The first and most immediately apparent advantage is that you don’t need collateral. Usually, lenders want borrowers to put up valuable items like real estate, vehicles, or intangible assets like investment portfolios and business trademarks as backing for the loan. Without the need to put those items at risk of seizure by the lending institution, you can rest easy knowing you won’t lose them if something goes awry.
However, items can ultimately be seized by the lender if they’re included in the personal guarantee that every lender must sign to obtain an unsecured business loan. Such an agreement is legally binding, after all.
Unsecured business loans usually require less paperwork, skip the appraisal process for any collateral and thus have a speedier process overall. Unsecured business loans are also discharged in the event your company goes bankrupt, which isn’t the case for secured business loans.
Risks associated with unsecured small business loans
While the benefits may seem worthwhile, there are some major caveats that you should consider when looking to obtain an unsecured business loan. First and foremost, you may not even qualify for one.
Banks heavily rely on your personal or business’s credit score to determine whether they’re willing to offer you any type of loan, but given the high-risk nature of unsecured business loans, the bar is set much higher. While there’s no minimum credit score you need for a short-term business loan like this, a lower credit score tells the lender that you may have a harder time paying the loan back.
If your personal credit isn’t great, your business has a less-than-stellar credit history or your bad credit regularly keeps you from getting a credit card, let alone some other type of cash advance, your loan application likely won’t land you any additional business financing opportunities anyway. It will always be harder to borrow money if you have trouble making your monthly payments.
If your business needs a large amount of funds, you likely won’t be able to get as much as you need through an unsecured loan, which generally only offers smaller amounts. Again, because there is no collateral to back the loan, banks are less inclined to go out on a limb and provide large sums of money.
Furthermore, an unsecured business loan may not be right for you simply based on how significantly higher interest rates are for this type of loan. The rates are almost always higher than those of some major credit cards, with some lenders charging a 100% APR. How high that figure ends up being depends on your credit score.
“Given a lender takes more of the risk involved in granting the unsecured loan, interest rates are high for borrowers,” Fazio said. “With unsecured business loans, we often find the borrower might default and not have the means to repay the loan.”
This brings us to the biggest warning, which really should apply to any borrowing you may be considering – defaulting on an unsecured loan means big trouble for you and your business. Even though you don’t put up any collateral, minimizing the risk for the lender, there are other ways that failure to pay back your loan could cause major financial problems for you.
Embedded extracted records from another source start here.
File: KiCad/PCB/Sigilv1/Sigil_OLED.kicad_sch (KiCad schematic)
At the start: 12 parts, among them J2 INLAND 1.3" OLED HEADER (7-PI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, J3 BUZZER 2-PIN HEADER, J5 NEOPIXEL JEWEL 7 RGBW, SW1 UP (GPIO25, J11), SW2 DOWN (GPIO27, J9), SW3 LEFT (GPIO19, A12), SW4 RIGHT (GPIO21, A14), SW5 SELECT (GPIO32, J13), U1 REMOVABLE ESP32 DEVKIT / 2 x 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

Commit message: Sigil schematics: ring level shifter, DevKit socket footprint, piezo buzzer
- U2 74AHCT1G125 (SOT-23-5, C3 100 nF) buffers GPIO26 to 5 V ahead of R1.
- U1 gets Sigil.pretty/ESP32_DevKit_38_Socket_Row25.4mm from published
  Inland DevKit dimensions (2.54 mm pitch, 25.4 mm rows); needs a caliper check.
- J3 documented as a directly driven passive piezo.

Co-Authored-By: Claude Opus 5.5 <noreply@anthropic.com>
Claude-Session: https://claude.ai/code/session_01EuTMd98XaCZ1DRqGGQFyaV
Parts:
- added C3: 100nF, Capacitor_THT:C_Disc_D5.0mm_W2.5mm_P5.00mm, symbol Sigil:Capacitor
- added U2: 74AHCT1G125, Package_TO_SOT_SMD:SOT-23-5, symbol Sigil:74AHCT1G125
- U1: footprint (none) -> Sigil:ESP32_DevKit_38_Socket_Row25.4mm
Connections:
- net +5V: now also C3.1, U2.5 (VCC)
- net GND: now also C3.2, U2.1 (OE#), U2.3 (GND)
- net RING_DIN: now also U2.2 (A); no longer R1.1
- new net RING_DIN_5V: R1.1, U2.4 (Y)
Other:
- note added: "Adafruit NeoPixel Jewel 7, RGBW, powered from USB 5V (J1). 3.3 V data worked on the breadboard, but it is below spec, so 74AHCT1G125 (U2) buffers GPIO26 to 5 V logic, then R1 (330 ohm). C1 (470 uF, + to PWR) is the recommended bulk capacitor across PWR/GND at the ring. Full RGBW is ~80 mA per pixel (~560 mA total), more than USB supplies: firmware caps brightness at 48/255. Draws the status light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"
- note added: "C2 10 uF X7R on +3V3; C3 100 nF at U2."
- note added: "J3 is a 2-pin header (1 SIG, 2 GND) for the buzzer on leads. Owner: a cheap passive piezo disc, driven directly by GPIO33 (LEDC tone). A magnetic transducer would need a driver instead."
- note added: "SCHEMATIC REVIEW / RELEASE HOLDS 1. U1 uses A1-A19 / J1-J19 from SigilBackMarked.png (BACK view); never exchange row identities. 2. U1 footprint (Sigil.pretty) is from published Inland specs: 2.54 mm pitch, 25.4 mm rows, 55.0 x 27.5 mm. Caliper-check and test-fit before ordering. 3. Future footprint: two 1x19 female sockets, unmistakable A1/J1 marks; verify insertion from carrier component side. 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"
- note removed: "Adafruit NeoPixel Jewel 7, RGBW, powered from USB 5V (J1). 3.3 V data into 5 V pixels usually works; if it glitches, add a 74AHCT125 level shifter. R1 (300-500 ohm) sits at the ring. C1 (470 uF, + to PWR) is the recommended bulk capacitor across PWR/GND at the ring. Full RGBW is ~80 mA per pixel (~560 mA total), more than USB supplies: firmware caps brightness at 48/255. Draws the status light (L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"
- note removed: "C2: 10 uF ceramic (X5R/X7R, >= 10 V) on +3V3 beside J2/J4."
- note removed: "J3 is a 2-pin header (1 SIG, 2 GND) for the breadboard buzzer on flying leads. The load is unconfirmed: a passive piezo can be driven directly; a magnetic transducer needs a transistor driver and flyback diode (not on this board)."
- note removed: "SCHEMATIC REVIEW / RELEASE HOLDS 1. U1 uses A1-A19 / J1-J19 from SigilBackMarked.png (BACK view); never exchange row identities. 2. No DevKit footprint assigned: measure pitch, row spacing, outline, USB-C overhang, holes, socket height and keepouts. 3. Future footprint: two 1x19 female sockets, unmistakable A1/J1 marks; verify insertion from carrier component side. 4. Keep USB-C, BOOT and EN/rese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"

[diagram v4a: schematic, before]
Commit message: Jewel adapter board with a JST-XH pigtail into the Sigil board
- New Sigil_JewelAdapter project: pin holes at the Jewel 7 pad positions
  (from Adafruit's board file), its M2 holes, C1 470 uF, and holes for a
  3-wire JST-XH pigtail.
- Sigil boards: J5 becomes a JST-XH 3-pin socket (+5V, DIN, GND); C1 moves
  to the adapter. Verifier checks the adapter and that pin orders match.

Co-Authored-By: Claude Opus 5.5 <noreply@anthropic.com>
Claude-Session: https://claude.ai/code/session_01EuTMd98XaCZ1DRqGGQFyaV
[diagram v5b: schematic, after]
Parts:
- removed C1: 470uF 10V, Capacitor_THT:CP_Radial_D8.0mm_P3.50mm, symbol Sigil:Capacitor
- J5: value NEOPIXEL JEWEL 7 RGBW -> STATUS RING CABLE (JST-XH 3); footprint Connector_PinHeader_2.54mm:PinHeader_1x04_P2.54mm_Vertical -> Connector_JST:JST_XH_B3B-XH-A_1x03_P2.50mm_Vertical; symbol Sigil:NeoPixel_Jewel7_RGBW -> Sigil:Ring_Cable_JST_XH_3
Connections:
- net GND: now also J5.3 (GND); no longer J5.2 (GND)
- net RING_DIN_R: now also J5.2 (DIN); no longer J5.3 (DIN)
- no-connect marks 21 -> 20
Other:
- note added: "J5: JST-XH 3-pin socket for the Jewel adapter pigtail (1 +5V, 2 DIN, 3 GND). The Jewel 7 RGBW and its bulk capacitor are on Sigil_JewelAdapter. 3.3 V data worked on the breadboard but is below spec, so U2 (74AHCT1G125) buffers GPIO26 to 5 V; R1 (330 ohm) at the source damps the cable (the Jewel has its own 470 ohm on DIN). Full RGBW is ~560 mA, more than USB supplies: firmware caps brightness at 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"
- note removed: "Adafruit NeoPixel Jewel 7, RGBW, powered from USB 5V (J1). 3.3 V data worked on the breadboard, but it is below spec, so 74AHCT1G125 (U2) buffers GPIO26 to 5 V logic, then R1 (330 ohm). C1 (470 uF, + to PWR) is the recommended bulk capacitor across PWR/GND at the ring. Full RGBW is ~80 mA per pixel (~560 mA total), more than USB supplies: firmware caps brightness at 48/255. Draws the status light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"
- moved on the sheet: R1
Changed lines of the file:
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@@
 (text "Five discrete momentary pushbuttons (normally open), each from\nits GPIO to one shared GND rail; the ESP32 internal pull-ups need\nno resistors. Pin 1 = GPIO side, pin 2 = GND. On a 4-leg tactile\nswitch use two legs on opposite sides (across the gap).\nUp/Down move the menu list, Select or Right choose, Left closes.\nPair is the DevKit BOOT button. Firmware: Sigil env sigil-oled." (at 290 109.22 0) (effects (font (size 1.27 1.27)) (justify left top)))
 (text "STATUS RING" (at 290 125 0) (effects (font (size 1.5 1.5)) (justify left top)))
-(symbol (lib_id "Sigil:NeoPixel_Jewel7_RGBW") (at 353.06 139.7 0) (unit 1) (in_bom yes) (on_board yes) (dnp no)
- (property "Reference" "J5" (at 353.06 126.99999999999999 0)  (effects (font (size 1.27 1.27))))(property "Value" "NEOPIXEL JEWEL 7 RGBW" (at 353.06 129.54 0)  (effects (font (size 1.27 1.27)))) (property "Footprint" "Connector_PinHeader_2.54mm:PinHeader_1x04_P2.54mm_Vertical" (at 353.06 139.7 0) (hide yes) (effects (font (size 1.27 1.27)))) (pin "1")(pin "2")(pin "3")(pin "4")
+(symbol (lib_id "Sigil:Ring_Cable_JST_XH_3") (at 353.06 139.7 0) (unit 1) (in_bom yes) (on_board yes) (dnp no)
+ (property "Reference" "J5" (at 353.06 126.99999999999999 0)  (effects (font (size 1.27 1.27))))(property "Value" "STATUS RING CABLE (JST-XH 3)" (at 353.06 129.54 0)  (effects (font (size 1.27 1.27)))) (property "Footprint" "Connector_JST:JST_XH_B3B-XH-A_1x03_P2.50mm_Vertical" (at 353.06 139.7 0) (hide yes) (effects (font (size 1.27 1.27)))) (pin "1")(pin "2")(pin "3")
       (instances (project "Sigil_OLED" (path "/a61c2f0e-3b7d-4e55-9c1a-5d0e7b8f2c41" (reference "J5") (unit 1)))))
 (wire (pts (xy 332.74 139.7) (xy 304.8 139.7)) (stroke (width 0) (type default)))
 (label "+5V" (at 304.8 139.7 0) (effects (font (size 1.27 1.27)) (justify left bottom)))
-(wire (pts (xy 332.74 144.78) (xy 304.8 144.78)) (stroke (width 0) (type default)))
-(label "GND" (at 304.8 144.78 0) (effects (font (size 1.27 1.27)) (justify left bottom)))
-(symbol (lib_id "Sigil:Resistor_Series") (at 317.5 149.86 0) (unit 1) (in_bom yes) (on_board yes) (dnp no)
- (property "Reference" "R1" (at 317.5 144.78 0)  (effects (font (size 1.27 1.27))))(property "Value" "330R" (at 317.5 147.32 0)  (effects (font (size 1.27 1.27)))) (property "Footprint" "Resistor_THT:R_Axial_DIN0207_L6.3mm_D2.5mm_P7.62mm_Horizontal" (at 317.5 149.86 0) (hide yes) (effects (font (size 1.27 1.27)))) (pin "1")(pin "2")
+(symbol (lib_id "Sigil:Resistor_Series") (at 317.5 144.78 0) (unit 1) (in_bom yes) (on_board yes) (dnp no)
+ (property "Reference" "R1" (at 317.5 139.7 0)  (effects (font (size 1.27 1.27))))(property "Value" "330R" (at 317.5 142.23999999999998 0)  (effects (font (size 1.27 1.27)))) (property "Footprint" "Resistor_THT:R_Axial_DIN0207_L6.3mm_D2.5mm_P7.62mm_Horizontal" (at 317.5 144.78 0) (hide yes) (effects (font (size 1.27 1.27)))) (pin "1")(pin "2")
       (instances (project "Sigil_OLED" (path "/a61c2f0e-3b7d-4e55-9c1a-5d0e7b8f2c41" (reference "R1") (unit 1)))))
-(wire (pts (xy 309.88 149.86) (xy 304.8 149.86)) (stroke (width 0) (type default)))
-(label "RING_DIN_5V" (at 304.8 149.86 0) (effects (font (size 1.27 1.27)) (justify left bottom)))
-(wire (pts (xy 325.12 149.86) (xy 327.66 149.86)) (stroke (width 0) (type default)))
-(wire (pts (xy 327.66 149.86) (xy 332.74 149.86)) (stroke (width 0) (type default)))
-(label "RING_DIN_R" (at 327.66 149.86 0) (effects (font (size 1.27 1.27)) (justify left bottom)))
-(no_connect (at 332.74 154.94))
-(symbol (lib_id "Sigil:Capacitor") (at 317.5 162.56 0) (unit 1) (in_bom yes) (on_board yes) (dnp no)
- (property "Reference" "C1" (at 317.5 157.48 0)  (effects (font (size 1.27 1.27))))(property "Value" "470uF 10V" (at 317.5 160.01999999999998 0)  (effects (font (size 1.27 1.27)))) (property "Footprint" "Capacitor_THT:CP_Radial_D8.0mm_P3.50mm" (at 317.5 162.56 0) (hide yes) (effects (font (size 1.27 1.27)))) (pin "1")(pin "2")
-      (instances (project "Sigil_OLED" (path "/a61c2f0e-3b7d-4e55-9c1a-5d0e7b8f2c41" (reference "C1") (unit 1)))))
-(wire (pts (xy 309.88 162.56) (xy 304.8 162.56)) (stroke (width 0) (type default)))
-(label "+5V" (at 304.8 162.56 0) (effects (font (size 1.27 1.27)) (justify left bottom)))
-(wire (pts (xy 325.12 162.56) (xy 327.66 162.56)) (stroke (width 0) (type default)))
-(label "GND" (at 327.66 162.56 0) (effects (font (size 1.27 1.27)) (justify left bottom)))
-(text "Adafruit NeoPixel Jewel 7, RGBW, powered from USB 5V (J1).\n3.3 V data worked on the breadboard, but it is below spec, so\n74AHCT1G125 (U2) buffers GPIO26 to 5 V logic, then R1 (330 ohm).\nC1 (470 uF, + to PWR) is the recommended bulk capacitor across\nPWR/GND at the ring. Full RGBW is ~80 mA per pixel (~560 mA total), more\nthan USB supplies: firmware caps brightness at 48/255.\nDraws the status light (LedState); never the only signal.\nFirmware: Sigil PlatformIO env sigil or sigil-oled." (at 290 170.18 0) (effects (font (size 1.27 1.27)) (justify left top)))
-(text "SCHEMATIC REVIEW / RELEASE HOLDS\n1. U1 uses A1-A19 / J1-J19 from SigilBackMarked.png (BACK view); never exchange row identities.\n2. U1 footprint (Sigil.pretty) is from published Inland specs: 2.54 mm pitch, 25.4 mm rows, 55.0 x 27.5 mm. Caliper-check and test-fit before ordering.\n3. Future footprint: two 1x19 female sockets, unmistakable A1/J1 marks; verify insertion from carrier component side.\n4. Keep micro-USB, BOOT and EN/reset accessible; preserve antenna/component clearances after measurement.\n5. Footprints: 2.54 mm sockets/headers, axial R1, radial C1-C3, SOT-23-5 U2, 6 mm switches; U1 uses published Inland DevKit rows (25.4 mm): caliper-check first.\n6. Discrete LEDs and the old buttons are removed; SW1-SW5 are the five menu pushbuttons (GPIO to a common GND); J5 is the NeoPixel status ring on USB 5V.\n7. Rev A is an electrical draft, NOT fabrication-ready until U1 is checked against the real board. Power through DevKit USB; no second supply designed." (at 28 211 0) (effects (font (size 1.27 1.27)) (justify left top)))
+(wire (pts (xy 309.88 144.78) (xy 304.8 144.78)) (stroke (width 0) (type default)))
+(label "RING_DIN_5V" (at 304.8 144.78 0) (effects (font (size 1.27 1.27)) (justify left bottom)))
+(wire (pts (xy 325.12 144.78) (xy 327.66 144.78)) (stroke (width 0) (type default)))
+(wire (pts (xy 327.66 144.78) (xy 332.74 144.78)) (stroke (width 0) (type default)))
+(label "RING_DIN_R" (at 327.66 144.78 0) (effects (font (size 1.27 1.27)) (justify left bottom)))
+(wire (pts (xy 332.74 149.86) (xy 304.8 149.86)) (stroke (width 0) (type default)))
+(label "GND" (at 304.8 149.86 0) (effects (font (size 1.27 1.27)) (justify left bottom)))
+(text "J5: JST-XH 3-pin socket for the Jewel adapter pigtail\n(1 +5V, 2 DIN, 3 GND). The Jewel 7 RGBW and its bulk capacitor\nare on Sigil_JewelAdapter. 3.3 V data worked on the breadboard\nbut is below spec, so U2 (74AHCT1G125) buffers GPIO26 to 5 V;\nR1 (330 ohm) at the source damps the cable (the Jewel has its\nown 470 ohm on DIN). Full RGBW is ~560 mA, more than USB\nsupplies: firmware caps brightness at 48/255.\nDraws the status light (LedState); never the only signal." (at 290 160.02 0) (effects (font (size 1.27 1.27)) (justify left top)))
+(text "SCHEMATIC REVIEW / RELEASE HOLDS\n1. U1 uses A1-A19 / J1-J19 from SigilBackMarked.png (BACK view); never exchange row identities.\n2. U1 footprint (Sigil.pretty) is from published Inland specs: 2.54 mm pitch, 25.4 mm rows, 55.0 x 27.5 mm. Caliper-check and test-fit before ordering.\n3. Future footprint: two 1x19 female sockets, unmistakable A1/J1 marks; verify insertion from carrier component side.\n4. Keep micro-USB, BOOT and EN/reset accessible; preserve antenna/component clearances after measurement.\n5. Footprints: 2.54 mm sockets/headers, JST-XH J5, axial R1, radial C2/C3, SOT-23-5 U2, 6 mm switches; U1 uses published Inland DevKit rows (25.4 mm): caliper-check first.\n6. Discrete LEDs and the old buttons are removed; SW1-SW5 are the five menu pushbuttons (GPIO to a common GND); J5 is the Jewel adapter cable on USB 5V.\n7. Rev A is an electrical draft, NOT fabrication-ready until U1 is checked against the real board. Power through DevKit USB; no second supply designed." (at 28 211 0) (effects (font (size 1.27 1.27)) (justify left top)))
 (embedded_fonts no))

If you default on an unsecured business loan, your personal and your business’s credit score will take a major hit. Also, just because you didn’t put up specific collateral doesn’t mean you won’t lose any assets. The lender can sue you and your business for not only the balance of the loan but interest and other costs as well. Your business’s bank accounts can be garnished, liens can be placed on your business’s assets, and all that can happen in months.